Bug 143530 - canonically equivalent strings are not considered as such
Summary: canonically equivalent strings are not considered as such
Status: RESOLVED INTENTIONAL
Alias: None
Product: kde
Classification: I don't know
Component: general (show other bugs)
Version: unspecified
Platform: Compiled Sources Linux
: NOR wishlist
Target Milestone: ---
Assignee: kdelibs bugs
URL:
Keywords:
Depends on:
Blocks:
 
Reported: 2007-03-28 01:45 UTC by Denis Jacquerye
Modified: 2010-10-29 12:59 UTC (History)
1 user (show)

See Also:
Latest Commit:
Version Fixed In:


Attachments

Note You need to log in before you can comment on or make changes to this bug.
Description Denis Jacquerye 2007-03-28 01:45:35 UTC
Version:            (using KDE Devel)
Installed from:    Compiled sources

KDE applications are not doing "the right thing" regarding Unicode strings.
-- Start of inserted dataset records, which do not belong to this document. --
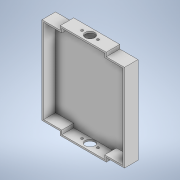
# Autodesk Inventor part: corpo2
Saved by Autodesk Inventor 2022.1 (Build 261234000, 234)
## iProperties
Created: 2021-08-03
Part Number: corpo2
Material: Generic
Document SubType Name: Modeling
Designer: nakai
Density: 1 g/cm^3
Appearance: Default
Author: nakai
Autodesk Inventor part; units mm, degrees
ref_plane "YZ Plane" through (0, 0, 0) normal (1, 0, 0) x (0, 1, 0)
ref_plane "XZ Plane" through (0, 0, 0) normal (0, 1, 0) x (-1, 0, 0)
ref_plane "XY Plane" through (0, 0, 0) normal (0, 0, 1) x (1, 0, 0)
sketch "Sketch1" plane through (0, 0, 0) normal (0, 0, 1) x (1, 0, 0)
  line L0 (0, 0) -> (58, 0)
  line L1 (58, 0) -> (58, 120)
  line L2 (58, 120) -> (0, 120)
  line L3 (0, 120) -> (0, 0)
  line L4 (58, 115) -> (81, 115)
  line L5 (81, 115) -> (81, 5)
  line L6 (81, 5) -> (58, 5)
  line L7 (58, 5) -> (58, 115)
  line L8 (0, 115) -> (-23, 115)
  line L9 (-23, 115) -> (-23, 5)
  line L10 (-23, 5) -> (0, 5)
  line L11 (0, 5) -> (0, 115)
  point P0 (0, 5)
  dimension "d0" = 58
  dimension "d1" = 120
  dimension "d20" = 23
  dimension "d21" = 5
  dimension "d22" = 5
  dimension "d26" = 23
  dimension "d27" = 5
  dimension "d28" = 5
  constraints: 24 end point, 6 parallel, 3 horizontal, 3 perpendicular, 2 point on line
  measures "d0" distance of L2.end L1.end
  measures "d1" distance of L0.end L1.end
  measures "d20" distance between parallel lines of L1 L5
  measures "d21" distance between parallel lines of L2 L4
  measures "d22" distance between parallel lines of L0 L6
  measures "d26" distance of L10.end L9.end
  measures "d27" distance between parallel lines of L2 L8
  measures "d28" distance between parallel lines of L0 L10
extrude "Extrusion1" add sketch "Sketch1" along normal blind 2
sketch "Sketch2" plane through (0, 0, 2) normal (0, 0, 1) x (1, 0, 0)
  line L0 (58, 120) -> (0, 120) projected
  line L1 (58, 0) -> (58, 120) projected
  line L2 (0, 120) -> (58, 120)
  line L3 (58, 120) -> (58, 0)
  line L4 (58, 0) -> (0, 0)
  line L5 (0, 0) -> (0, 120)
  line L6 (2, 118) -> (56, 118)
  line L7 (56, 118) -> (56, 2)
  line L8 (56, 2) -> (2, 2)
  line L9 (2, 2) -> (2, 118)
  line L10 (-23, 115) -> (-23, 5) projected
  line L11 (-23, 115) -> (2, 115)
  line L12 (2, 115) -> (2, 55.5525)
  line L13 (-23, 5) -> (-23, 115)
  line L14 (-21, 113) -> (2, 113)
  line L15 (0, 113) -> (0, 57.5525)
  line L16 (-21, 7) -> (-21, 113)
  line L17 (-21, 7) -> (2, 7)
  line L18 (-23, 5) -> (0, 5) projected
  line L19 (-23, 5) -> (2, 5)
  line L20 (81, 115) -> (58, 115) projected
  line L21 (58, 115) -> (81, 115)
  line L22 (81, 115) -> (81, 5)
  line L23 (58, 5) -> (81, 5) projected
  line L24 (81, 5) -> (58, 5)
  line L25 (56, 7) -> (79, 7)
  line L26 (79, 7) -> (79, 113)
  line L27 (79, 113) -> (56, 113)
  point P0 (0, 0)
  point P1 (0, 115)
  point P2 (2, 113)
  point P3 (2, 7)
  dimension "d4" = 2
  dimension "d5" = 2
  dimension "d6" = 2
  dimension "d7" = 2
  dimension "d30" = 2
  dimension "d31" = 2
  dimension "d32" = 2
  dimension "d33" = 2
  dimension "d34" = 2
  dimension "d35" = 2
  constraints: 44 end point, 8 perpendicular, 8 point on line, 7 parallel, 4 horizontal, 3 collinear
  measures "d4" distance between parallel lines of L0 L6
  measures "d5" distance between parallel lines of L1 L7
  measures "d6" distance between parallel lines of L4 L8
  measures "d7" distance between parallel lines of L9 L5
  measures "d30" distance between parallel lines of L10 L16
  measures "d31" distance between parallel lines of L14 L11
  measures "d32" distance between parallel lines of L17 L19
  measures "d33" distance between parallel lines of L20 L27
  measures "d34" distance between parallel lines of L22 L26
  measures "d35" distance between parallel lines of L23 L25
extrude "Extrusion2" add sketch "Sketch2" along normal blind 15 contours L1 L27 L7 L6 L9 L11 L5 L0 | L20 L22 L23 L1 L25 L26 L27 | L11 L9 L14 L5 | L5 L14 L16 L17 L18 L10 L11 | L1 L4 L5 L19 L9 L8 L7 L25 | L17 L9 L19 L5
sketch "Sketch6" plane through (0, 120, 0) normal (0, 1, 0) x (1, 0, 0)
  circle A0 centre (29, -8.5) radius 6
  circle A1 centre (39, -8.5) radius 1.5
  circle A2 centre (19, -8.5) radius 1.5
  line L0 (58, 0) -> (0, 0) projected
  line L1 (58, 0) -> (58, -17) projected
  line L2 (0, 0) -> (0, -17) projected
  dimension "d46" = 12
  dimension "d47" = 3
  dimension "d48" = 3
  dimension "d49" = 10
  dimension "d50" = 10
  dimension "d51" = 8.5
  dimension "d52" = 8.5
  dimension "d53" = 8.5
  dimension "d54" = 58
  dimension "d55" = 29
  constraints: 3 centre point
  measures "d46" diameter of A0
  measures "d47" diameter of A1
  measures "d48" diameter of A2
  measures "d49" distance of A1.centre A0.centre
  measures "d50" distance of A2.centre A0.centre
  measures "d51" distance from line of A0.centre L0
  measures "d52" distance from line of L0 A2.centre
  measures "d53" distance from line of L0 A1.centre
  measures "d54" distance between parallel lines of L1 L2
  measures "d55" distance from line of L1 A0.centre
extrude "Extrusion4" cut sketch "Sketch6" against normal up to surface (120 mm away)
equation "\"d52\" = d51"
equation "\"d53\" = d51"
equation "\"d55\" = 0.5 * d54"
body "Solid1"

Unicode defines canonically equivalent sequences of characters.
For example these are equivalent:
ẹ́ <U+0065 LATIN SMALL LETTER E + U+0323 COMBINING DOT BELOW + U+0301
COMBINING ACUTE ACCENT>
ẹ́ <U+0065 LATIN SMALL LETTER E + U+0301 COMBINING ACUTE ACCENT + U+0323
COMBINING DOT BELOW>
ẹ́ <U+1EB9 LATIN SMALL LETTER E WITH DOT BELOW + U+0301 COMBINING ACUTE
ACCENT>

Applications should normalize strings before comparing them. This needs to be done in sorting, searching, opening/creating/saving file.

For example if a file has one string sequence and a query is a canonically equivalent string, they should match.
Or two canonically equivalent strings should be sorted as the same string.
Creating files or directories, or other meaningful entity, should behave as if canonically equivalent strings were the same, i.e. warn the user of a conflict of name and offer to overwrite. Also, one path should access the equivalent existing one (unless both exists).

QString::normalized(QString::NormalizationForm_D) or (QString::NormalizationForm_C) should be used before comparing strings.

It might be wise to have a policy normalizing all created filenames to NFC, for better compatibility with legacy systems.

For sorting QString::NormalizationForm_KC should probably be used.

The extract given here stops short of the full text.